Problem to work on = Among the entries below, count the lines holding the string "USBD". Respond with the number alone.

Recorded data:
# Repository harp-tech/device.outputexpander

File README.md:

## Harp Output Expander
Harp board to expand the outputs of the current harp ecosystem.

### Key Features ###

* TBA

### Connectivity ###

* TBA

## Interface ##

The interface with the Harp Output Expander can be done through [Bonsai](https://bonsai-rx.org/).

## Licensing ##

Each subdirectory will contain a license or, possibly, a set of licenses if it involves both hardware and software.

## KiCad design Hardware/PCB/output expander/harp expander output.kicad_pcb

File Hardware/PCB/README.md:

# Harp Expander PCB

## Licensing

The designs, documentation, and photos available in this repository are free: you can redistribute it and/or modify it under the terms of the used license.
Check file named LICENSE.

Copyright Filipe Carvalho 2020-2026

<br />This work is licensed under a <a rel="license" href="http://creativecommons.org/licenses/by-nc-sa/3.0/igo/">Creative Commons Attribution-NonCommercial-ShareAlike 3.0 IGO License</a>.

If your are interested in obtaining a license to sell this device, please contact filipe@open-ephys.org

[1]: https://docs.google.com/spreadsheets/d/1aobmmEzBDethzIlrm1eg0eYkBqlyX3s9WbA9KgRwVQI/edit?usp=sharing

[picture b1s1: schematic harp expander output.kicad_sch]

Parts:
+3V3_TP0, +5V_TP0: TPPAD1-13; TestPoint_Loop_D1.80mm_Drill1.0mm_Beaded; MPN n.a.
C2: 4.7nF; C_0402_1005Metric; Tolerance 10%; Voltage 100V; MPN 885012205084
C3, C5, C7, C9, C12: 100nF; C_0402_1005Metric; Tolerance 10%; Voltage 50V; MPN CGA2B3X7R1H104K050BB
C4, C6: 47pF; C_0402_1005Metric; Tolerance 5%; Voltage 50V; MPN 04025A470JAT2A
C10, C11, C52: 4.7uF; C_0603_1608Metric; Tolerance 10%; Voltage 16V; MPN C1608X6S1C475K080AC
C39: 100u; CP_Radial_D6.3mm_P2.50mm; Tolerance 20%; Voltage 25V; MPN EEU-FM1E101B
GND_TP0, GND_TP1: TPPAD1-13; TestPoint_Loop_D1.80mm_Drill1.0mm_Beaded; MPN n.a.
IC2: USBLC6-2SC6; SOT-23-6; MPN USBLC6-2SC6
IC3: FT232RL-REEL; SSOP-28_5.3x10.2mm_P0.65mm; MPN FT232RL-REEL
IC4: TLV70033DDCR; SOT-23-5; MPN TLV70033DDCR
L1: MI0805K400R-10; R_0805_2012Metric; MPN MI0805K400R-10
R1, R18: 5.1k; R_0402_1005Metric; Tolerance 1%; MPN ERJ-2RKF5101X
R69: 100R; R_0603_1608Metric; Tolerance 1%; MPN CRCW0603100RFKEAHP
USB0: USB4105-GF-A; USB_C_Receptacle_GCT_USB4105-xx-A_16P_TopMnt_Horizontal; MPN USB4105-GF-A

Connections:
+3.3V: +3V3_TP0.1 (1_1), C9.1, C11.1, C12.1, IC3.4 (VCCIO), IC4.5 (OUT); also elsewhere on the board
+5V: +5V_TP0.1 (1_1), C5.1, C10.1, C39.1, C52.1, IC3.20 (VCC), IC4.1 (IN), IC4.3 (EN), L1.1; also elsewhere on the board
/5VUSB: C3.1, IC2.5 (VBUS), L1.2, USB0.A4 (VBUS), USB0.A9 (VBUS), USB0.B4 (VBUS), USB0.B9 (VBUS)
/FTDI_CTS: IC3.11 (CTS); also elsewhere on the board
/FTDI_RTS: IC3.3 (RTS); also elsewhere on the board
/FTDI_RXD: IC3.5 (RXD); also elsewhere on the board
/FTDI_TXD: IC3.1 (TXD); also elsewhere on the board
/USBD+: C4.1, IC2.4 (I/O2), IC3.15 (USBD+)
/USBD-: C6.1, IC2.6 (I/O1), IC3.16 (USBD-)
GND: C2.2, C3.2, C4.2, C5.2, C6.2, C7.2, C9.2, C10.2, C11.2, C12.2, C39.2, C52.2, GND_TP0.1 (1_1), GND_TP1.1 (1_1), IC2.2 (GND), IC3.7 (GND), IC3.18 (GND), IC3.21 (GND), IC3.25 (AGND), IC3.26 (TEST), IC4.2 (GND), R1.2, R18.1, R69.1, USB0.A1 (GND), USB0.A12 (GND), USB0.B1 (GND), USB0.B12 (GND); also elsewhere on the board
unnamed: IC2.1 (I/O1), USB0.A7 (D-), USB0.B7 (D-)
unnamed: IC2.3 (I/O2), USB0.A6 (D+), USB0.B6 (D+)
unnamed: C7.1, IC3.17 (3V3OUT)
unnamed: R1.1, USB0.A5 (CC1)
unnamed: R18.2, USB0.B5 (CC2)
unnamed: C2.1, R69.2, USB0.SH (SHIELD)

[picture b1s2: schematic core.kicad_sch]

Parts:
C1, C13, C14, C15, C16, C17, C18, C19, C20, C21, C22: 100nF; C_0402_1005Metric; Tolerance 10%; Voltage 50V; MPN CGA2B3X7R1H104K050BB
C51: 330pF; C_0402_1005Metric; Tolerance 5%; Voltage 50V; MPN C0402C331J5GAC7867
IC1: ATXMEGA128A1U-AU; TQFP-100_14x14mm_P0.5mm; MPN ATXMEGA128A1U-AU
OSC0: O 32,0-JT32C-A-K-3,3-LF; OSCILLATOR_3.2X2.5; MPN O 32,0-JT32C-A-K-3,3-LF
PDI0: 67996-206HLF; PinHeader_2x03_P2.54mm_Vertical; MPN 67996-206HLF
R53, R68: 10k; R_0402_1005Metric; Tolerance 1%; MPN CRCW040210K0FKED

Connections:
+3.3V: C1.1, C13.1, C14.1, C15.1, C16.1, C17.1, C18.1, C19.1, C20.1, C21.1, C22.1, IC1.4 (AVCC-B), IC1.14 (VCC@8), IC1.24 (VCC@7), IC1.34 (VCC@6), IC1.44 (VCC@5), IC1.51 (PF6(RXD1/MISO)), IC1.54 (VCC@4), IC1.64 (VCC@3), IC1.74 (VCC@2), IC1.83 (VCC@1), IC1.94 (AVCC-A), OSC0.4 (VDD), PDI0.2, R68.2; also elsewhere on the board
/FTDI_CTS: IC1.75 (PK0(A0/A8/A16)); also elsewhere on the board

Exercise answer = 2